Following the death of the last Obi, Prof. Chukwuka Okonjo, one of his sons, Ifechukwude, was announced as his successor on Friday.
Ngozi Okonjo-Iweala
Ikechukwu, the younger brother to a former Minister of Finance, Ngozi Okonjo-Iweala, has said he did not cede his rights to the of Ogwashi Uku kingdom in Delta State, insisting that the selection of his younger brother, Ifechukwude, was flawed.
He argued that the ascension to the Ogwashi-Uku throne was by primogeniture (from father to first son), explaining that it was only when the first son was incapable that the second son would become the king.
Following the death of the last Obi, Prof. Chukwuka Okonjo, one of his sons, Ifechukwude, was announced as his successor on Friday.

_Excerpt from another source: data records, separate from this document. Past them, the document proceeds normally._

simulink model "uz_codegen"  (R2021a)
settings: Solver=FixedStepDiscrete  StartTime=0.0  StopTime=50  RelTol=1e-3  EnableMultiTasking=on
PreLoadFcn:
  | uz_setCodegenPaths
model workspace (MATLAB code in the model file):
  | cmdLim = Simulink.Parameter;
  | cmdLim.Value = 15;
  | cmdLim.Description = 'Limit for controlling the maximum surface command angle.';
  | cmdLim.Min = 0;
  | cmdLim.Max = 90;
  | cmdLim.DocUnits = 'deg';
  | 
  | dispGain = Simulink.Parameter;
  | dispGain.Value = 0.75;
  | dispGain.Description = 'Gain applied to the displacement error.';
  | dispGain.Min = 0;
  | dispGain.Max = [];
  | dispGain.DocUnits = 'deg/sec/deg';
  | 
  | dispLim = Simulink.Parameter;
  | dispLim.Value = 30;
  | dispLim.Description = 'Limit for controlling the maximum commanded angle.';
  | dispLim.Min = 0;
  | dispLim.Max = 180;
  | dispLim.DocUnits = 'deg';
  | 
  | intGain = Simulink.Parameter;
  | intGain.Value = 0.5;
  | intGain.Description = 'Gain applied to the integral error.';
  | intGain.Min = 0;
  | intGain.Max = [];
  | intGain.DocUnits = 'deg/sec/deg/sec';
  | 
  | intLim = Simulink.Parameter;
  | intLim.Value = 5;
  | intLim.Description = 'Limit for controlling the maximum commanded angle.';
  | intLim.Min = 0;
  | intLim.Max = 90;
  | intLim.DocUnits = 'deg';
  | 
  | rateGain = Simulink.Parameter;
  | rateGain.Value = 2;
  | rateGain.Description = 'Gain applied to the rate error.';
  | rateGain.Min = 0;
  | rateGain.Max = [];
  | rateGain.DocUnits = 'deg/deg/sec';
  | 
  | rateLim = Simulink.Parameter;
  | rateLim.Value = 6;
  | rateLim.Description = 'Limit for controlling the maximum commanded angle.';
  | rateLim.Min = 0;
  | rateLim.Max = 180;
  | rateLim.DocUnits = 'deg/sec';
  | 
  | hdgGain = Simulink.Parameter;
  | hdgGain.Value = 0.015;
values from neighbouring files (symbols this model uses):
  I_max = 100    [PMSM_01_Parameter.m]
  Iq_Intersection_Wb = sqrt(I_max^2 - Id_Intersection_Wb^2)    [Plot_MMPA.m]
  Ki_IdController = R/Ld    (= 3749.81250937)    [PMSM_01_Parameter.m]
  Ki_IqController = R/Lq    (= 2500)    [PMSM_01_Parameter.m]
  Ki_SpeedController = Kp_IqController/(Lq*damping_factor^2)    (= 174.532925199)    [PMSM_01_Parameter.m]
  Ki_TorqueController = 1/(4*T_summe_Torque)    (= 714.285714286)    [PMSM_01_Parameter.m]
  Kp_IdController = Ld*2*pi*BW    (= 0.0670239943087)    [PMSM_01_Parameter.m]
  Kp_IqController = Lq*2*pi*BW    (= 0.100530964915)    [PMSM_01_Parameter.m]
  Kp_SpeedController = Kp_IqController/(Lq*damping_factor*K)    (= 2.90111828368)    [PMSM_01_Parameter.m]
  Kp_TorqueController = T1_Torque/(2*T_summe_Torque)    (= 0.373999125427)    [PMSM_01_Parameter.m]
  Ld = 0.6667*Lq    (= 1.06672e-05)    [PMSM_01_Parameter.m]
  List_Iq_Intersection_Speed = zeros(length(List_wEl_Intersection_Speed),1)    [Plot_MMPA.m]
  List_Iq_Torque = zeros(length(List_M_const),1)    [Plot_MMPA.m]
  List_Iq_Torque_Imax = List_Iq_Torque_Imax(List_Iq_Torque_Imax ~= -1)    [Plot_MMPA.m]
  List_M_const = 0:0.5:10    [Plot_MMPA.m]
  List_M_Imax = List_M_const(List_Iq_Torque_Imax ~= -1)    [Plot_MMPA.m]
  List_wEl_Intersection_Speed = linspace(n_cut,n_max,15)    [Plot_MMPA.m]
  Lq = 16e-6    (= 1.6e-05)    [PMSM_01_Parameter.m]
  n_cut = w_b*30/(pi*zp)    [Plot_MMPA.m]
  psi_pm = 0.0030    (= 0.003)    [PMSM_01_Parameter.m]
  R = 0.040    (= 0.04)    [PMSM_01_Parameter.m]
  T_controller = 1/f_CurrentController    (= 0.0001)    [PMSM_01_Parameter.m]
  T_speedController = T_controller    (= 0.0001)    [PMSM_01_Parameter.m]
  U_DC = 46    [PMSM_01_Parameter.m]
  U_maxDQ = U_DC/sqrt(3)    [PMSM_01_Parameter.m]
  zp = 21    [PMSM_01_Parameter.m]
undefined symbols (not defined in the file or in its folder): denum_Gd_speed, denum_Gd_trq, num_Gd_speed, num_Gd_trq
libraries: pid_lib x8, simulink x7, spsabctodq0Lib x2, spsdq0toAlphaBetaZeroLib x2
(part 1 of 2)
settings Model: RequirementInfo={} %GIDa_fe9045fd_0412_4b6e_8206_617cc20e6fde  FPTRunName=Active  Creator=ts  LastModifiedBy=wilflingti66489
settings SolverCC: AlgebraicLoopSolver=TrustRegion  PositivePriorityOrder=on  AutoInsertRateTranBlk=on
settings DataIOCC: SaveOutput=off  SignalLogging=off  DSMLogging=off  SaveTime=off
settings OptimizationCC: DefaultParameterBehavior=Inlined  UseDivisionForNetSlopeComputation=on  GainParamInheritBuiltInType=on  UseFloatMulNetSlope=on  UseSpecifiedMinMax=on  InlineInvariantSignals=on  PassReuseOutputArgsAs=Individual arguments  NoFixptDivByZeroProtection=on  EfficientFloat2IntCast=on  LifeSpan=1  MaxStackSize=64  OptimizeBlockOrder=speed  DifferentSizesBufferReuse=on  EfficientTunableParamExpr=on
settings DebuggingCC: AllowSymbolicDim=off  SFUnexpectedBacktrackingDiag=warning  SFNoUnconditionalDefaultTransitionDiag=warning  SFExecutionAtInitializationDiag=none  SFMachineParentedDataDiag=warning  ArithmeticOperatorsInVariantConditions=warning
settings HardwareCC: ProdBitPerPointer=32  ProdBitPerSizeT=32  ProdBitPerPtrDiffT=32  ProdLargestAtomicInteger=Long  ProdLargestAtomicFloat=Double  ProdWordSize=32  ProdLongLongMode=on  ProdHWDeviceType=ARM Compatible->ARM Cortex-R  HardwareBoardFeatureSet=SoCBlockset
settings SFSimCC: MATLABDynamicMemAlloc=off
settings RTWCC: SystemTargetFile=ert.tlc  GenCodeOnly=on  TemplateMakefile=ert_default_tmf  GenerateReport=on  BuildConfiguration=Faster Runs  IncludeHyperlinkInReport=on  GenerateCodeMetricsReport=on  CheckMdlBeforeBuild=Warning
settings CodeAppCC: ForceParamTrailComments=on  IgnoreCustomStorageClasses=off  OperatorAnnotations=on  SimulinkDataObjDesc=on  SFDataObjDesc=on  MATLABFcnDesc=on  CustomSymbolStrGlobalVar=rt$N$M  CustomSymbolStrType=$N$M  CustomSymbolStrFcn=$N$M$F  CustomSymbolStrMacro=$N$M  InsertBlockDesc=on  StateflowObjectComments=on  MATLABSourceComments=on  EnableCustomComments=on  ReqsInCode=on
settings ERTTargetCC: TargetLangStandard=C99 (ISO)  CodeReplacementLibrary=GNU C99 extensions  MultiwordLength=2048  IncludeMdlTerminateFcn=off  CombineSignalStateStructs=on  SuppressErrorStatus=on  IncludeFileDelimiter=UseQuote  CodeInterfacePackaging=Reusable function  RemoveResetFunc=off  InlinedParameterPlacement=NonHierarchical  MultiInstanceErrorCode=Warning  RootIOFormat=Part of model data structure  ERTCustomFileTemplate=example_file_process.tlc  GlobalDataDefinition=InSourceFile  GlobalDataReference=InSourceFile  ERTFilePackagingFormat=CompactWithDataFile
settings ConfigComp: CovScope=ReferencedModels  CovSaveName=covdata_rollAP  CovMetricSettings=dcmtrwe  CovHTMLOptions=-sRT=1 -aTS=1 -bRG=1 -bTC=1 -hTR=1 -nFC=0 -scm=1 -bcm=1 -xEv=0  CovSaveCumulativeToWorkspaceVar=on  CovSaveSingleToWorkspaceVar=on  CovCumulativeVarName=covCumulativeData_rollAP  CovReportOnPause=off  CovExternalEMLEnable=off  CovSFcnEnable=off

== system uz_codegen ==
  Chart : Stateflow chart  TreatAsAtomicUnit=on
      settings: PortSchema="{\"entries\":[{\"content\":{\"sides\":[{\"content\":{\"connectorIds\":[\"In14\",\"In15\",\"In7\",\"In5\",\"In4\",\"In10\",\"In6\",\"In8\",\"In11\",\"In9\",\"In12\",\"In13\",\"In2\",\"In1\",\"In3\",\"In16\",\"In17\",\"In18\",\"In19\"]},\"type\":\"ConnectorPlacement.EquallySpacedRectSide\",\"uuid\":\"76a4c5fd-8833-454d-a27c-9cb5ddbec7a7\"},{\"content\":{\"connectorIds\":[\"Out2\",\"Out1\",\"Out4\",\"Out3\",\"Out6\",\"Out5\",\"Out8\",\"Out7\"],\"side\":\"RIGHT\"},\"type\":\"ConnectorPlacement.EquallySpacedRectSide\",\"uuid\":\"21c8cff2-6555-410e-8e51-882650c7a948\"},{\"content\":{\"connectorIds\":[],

But Ikechukwu, a lawyer working with a federal law enforcement agency, in a statement in Abuja on Thursday, said that as the second son, he should have been selected as the next Obi, owing to the fact that his elder brother, Chukwuemeka, was incapacitated and unable to perform the functions of the king.
He stated, “The purported chalking and coronation of a new Obi of Ogwashi-Uku on September 13 has generated a lot of misgivings and rightly so.
“The process by which Ifechukwude Chukwuka Okonjo was crowned as the Obi of Ogwashi Uku is inherently flawed.
“I never ceded my right to the Ogwashi-Uku throne to Ifechukwude, my younger brother who is the third son of my late father, the late Obi, Chukwuka Okonjo.”
The lawyer appealed to the Delta State Government not to present the staff of office to Ifechukwude.